[Records from a collection]
####################
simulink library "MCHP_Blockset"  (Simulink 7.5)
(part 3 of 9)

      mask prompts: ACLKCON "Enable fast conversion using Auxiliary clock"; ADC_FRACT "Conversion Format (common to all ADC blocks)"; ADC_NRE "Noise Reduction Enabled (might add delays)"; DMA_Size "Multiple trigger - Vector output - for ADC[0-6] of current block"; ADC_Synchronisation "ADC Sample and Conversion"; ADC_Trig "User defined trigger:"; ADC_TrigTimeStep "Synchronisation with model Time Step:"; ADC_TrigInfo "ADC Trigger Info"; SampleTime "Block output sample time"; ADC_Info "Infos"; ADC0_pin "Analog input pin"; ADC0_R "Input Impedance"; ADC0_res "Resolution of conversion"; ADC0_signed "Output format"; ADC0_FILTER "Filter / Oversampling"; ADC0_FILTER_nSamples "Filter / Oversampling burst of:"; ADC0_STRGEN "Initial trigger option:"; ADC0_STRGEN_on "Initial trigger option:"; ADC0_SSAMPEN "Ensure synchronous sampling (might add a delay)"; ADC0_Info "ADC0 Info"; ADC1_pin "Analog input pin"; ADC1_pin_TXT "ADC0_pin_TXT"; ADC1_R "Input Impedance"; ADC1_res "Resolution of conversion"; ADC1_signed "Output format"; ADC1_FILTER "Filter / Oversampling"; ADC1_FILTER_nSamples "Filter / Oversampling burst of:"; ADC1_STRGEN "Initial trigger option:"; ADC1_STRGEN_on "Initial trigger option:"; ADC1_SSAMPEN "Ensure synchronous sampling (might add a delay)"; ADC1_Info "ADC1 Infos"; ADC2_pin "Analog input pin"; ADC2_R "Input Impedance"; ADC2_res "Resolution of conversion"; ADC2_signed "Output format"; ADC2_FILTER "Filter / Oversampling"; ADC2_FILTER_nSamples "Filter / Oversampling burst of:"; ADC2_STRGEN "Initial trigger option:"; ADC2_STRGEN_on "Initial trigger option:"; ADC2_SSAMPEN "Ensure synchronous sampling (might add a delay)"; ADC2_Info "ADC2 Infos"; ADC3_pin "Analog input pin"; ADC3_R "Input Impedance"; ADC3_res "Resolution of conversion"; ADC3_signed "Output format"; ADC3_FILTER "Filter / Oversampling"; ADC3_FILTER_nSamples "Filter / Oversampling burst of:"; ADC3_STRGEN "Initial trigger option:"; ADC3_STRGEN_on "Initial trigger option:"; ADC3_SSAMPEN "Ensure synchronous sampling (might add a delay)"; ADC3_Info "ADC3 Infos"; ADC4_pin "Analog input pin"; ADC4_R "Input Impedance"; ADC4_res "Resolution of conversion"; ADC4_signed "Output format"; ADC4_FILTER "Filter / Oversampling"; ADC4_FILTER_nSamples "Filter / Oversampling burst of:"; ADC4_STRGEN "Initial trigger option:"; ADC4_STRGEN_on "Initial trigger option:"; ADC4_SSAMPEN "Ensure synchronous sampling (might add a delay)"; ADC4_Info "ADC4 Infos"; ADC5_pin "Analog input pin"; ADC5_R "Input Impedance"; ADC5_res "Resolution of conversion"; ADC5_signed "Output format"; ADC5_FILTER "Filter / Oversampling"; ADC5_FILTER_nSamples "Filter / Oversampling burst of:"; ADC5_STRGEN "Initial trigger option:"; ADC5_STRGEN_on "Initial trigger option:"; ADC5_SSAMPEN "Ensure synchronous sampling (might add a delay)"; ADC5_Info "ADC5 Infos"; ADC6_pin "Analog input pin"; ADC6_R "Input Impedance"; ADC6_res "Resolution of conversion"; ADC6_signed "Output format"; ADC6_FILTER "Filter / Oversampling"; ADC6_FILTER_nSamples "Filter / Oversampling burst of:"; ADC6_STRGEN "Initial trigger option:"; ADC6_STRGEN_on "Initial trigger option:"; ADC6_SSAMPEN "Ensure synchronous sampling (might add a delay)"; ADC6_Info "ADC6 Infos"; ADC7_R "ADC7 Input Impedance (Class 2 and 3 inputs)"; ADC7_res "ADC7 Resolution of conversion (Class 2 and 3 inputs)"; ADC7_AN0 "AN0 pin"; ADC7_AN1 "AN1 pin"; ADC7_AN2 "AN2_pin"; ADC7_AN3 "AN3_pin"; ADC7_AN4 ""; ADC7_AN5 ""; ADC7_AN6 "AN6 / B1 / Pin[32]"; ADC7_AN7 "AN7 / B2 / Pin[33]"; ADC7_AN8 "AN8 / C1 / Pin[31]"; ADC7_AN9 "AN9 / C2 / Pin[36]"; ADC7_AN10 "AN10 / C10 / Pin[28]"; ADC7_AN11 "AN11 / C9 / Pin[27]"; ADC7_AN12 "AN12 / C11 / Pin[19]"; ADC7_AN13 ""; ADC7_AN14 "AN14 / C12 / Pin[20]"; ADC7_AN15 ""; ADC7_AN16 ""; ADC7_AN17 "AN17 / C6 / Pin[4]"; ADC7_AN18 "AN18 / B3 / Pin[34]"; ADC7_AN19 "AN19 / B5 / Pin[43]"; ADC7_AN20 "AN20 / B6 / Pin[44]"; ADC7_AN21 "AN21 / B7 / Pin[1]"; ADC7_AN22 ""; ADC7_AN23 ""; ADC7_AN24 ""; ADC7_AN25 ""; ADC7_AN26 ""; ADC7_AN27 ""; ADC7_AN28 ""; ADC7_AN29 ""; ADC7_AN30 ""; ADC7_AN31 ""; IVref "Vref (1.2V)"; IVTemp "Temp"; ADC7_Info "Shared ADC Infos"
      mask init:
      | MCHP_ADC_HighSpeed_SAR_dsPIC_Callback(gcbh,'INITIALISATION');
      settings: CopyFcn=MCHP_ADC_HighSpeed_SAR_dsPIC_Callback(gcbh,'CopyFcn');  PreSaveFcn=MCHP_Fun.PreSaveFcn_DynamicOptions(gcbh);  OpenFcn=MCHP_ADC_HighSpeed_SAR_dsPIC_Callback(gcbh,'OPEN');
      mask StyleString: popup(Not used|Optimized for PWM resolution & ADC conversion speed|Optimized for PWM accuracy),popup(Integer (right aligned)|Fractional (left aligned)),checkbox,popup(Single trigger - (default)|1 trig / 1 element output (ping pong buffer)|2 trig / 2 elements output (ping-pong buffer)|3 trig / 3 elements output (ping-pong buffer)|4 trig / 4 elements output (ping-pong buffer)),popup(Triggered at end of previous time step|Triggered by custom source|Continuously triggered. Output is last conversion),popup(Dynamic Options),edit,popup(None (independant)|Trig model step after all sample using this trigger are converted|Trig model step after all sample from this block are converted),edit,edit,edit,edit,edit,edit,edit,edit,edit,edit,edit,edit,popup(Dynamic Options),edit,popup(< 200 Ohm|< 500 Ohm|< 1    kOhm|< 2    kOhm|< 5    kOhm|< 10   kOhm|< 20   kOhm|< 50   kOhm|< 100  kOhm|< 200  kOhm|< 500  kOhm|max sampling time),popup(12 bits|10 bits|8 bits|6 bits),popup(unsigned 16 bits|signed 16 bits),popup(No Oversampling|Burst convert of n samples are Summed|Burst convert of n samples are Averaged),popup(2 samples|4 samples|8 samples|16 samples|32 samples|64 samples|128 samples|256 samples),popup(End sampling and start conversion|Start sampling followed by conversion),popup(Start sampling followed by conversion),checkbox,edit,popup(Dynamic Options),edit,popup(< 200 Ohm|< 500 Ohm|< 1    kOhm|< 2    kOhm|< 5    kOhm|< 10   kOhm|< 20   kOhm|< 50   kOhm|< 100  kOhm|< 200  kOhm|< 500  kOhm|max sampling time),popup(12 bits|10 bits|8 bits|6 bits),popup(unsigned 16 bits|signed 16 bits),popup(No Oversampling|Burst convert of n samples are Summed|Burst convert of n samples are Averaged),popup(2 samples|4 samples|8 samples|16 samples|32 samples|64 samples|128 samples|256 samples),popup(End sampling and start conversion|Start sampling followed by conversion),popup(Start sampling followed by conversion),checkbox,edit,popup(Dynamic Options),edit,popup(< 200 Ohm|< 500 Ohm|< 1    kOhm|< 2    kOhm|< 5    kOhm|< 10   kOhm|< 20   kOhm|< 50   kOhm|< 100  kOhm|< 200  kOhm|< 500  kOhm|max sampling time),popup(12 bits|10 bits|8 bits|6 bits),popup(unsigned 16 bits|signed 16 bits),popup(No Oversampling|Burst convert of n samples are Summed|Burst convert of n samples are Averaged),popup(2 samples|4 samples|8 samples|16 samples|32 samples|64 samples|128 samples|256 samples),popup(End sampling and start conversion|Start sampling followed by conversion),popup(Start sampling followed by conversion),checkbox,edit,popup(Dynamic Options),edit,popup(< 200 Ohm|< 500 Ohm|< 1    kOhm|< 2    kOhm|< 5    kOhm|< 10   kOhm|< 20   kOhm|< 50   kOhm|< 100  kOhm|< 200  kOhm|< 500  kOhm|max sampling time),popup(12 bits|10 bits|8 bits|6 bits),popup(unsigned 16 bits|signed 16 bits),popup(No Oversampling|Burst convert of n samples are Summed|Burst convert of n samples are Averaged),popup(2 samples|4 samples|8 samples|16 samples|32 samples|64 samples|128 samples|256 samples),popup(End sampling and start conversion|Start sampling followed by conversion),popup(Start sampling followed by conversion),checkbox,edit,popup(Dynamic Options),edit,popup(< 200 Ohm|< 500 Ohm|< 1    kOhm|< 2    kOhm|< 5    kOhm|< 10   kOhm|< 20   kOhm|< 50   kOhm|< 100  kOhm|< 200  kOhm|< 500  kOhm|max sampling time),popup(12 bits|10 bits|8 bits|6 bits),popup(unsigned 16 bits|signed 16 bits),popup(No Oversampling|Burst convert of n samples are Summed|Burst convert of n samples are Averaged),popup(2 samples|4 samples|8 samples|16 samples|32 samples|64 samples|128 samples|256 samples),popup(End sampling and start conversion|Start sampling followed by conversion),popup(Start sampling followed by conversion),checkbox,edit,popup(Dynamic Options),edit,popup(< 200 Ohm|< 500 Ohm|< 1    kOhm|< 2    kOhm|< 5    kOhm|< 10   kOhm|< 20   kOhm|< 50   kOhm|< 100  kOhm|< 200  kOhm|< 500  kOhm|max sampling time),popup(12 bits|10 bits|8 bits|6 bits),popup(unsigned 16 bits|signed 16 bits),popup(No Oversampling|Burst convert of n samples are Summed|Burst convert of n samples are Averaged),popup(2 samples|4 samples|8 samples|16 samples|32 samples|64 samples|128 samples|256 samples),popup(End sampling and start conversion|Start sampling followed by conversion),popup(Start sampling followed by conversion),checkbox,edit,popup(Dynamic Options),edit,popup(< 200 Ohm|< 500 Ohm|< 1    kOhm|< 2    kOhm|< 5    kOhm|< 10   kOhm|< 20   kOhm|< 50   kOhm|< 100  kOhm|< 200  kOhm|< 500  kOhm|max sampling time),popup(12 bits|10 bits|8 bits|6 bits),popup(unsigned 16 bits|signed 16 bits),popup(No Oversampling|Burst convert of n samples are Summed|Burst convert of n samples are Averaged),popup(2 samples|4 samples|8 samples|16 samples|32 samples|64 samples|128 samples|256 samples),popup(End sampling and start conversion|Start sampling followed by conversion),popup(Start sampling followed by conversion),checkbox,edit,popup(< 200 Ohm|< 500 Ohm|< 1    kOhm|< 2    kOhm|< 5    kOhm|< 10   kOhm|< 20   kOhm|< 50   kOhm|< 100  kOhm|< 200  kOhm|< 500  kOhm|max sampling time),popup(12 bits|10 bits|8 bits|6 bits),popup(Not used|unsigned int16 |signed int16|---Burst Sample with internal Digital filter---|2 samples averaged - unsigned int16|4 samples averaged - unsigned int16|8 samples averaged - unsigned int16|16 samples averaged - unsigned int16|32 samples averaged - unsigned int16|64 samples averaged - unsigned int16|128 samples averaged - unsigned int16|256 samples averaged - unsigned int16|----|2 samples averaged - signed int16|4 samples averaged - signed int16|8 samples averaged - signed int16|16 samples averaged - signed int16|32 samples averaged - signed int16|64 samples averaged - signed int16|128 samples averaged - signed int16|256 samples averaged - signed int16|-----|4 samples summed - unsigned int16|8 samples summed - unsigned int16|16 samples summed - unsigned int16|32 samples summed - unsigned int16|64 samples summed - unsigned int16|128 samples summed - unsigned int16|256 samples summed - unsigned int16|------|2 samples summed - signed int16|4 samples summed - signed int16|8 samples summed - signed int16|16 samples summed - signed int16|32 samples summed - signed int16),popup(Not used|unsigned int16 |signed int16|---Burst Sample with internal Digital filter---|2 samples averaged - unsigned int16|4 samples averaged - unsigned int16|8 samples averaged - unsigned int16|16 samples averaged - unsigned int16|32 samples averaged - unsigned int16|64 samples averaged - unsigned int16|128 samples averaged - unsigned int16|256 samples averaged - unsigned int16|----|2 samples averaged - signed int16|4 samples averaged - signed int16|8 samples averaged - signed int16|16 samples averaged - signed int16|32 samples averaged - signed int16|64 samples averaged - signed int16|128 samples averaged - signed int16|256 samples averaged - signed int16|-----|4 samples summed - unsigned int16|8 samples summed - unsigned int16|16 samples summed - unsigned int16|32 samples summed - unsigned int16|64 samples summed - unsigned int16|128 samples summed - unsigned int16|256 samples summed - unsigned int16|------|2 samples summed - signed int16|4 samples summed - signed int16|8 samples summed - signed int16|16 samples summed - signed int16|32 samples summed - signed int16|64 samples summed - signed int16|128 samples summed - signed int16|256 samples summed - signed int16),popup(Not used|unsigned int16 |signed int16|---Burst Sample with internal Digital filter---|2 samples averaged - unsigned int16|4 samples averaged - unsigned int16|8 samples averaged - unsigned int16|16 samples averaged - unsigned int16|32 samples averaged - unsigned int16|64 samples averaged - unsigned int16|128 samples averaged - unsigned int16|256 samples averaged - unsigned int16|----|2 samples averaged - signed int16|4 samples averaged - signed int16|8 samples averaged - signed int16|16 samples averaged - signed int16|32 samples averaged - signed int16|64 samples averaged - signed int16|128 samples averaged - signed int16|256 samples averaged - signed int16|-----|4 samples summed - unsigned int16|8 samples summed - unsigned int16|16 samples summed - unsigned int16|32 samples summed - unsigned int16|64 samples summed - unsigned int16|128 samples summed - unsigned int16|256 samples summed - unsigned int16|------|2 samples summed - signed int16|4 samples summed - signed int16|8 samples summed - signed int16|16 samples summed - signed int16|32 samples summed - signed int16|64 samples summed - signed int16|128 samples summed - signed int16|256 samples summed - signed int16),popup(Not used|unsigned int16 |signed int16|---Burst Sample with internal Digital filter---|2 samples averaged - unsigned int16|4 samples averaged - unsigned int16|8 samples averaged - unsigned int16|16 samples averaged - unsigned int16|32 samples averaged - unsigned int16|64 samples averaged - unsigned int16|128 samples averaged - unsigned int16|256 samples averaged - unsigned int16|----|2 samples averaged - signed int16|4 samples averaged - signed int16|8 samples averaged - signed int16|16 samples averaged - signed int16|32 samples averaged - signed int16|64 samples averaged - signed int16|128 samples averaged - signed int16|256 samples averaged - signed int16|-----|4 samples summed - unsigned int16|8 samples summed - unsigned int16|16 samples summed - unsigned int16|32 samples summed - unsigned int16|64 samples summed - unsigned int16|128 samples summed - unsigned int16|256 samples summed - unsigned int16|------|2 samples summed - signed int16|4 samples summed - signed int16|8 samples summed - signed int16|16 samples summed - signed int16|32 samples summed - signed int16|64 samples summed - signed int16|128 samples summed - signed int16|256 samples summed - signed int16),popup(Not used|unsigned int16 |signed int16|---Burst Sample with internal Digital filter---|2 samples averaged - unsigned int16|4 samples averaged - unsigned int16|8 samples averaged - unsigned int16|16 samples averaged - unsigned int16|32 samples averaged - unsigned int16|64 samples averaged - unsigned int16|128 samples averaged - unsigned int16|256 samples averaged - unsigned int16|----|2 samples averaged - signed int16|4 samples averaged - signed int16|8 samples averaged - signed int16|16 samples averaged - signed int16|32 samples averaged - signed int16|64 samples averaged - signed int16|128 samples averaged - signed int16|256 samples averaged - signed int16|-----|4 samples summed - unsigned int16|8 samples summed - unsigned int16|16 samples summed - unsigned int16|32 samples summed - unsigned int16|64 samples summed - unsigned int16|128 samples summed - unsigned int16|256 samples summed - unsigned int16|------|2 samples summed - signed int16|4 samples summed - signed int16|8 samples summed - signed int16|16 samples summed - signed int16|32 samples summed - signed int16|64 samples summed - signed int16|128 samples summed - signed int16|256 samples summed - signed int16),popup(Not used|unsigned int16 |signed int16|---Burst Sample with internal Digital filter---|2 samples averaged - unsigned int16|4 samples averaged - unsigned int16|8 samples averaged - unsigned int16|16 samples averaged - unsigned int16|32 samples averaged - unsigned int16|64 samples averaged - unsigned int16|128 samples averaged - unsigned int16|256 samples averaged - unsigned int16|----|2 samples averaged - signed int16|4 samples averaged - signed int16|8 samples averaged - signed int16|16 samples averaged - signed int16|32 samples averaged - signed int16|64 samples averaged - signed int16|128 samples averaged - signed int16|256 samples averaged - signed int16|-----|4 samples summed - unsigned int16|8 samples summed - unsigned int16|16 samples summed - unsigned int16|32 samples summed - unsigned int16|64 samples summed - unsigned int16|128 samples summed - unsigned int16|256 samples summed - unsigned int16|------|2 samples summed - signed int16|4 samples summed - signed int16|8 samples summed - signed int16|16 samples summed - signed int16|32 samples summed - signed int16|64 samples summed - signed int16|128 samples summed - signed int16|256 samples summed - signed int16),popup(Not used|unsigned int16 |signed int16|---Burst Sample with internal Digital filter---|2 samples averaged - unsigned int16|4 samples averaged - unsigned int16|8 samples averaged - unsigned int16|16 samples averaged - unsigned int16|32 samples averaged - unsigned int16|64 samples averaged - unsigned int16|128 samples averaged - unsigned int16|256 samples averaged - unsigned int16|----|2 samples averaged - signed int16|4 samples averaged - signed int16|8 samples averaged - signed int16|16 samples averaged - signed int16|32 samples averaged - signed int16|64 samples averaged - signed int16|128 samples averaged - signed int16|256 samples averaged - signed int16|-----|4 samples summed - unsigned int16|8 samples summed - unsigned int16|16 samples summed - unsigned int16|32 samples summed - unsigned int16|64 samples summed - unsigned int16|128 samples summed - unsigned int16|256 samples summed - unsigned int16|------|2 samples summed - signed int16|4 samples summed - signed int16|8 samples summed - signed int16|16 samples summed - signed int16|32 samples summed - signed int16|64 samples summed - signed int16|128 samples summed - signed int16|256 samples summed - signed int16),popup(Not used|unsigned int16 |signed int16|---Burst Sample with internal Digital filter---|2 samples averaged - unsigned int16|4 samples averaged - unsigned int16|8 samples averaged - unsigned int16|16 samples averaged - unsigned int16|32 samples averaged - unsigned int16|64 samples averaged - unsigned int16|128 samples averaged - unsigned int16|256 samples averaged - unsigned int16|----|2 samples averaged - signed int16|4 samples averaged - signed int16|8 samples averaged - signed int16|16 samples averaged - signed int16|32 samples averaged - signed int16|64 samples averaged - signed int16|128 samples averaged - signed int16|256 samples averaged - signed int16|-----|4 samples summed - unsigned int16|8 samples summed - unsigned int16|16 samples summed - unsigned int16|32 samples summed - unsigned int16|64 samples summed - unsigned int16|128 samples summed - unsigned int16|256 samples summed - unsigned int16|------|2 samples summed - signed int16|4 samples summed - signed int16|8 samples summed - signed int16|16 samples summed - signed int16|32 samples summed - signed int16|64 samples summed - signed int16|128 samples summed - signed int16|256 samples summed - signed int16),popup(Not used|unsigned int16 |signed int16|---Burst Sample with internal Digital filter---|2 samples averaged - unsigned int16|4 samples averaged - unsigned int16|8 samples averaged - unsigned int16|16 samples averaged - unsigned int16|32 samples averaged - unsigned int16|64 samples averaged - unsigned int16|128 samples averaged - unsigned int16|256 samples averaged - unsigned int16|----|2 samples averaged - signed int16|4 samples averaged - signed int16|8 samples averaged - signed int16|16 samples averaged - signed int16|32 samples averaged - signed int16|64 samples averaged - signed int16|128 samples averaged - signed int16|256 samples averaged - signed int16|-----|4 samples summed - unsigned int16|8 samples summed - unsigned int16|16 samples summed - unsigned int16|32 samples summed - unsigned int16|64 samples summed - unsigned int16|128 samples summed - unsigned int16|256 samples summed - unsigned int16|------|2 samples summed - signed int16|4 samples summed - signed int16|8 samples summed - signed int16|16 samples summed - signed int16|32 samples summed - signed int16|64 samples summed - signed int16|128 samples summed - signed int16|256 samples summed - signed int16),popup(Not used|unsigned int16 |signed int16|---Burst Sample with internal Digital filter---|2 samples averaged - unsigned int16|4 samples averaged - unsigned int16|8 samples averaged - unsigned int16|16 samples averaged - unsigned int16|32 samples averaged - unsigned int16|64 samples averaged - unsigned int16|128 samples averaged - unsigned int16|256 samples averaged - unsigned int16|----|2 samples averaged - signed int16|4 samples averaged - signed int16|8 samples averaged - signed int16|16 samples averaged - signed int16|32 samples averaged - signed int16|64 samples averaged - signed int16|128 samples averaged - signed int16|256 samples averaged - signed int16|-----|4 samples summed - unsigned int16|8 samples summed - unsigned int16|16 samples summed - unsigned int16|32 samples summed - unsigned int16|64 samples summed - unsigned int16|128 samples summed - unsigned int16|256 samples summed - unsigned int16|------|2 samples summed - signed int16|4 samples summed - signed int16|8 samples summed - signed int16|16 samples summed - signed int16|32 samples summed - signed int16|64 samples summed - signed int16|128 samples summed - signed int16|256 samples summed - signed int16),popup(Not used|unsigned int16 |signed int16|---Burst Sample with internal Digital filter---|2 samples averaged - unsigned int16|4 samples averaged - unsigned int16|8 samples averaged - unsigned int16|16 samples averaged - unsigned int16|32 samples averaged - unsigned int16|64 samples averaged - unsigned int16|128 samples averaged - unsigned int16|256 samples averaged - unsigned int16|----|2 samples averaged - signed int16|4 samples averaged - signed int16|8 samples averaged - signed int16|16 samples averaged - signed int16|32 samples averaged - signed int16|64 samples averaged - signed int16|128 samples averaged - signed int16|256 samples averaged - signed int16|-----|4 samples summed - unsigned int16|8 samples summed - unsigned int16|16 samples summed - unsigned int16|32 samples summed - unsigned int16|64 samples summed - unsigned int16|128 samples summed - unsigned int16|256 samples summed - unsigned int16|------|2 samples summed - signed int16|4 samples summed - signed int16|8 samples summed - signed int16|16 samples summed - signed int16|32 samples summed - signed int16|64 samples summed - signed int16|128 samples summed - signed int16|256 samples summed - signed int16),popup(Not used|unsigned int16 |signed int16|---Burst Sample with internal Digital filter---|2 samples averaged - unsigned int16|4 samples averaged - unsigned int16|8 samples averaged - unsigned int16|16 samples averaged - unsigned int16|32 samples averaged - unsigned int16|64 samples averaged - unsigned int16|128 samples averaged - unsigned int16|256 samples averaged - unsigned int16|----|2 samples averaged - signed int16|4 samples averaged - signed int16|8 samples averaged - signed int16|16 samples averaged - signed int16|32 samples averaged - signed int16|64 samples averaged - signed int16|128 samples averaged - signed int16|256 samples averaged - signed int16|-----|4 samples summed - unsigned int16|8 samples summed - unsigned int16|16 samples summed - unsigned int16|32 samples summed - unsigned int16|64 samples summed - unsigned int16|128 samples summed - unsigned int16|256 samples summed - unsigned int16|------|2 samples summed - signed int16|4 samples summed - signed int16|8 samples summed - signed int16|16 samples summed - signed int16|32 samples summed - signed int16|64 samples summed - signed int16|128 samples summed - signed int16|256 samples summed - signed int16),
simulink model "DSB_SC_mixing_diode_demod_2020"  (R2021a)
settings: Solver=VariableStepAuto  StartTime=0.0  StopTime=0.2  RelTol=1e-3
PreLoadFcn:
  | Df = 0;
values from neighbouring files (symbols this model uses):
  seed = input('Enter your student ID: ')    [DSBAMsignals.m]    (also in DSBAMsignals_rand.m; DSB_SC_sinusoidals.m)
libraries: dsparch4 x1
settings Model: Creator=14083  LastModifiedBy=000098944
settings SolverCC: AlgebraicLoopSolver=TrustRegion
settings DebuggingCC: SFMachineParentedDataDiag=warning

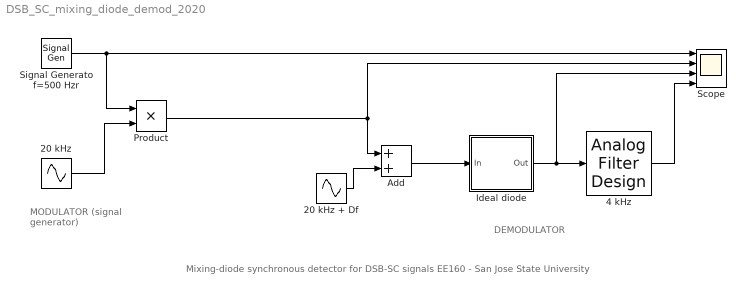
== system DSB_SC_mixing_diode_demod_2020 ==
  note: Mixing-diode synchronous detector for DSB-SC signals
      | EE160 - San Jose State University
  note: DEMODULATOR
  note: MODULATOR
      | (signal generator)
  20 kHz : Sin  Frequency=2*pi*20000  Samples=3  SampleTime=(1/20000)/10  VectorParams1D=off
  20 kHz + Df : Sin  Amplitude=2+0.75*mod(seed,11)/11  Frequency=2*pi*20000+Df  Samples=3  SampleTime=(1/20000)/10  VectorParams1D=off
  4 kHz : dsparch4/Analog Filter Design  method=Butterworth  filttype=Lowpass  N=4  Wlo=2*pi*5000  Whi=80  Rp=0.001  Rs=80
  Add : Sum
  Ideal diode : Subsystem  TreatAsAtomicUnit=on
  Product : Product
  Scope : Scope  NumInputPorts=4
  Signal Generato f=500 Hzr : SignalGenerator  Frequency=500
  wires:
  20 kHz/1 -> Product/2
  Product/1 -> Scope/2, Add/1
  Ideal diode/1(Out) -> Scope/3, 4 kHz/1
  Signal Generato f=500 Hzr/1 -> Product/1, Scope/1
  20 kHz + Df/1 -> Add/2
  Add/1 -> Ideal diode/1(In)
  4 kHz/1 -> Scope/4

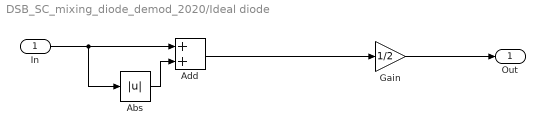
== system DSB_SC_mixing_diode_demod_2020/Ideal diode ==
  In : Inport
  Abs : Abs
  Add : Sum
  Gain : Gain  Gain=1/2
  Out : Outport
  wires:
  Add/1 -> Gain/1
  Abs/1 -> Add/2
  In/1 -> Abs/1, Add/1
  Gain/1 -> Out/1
####################
ASSIGNED TASK —
Would you filter the entries above and keep each line that has the word "Gain"?

OUTPUT OF THE TASK —
  Gain : Gain  Gain=1/2
  Add/1 -> Gain/1
  Gain/1 -> Out/1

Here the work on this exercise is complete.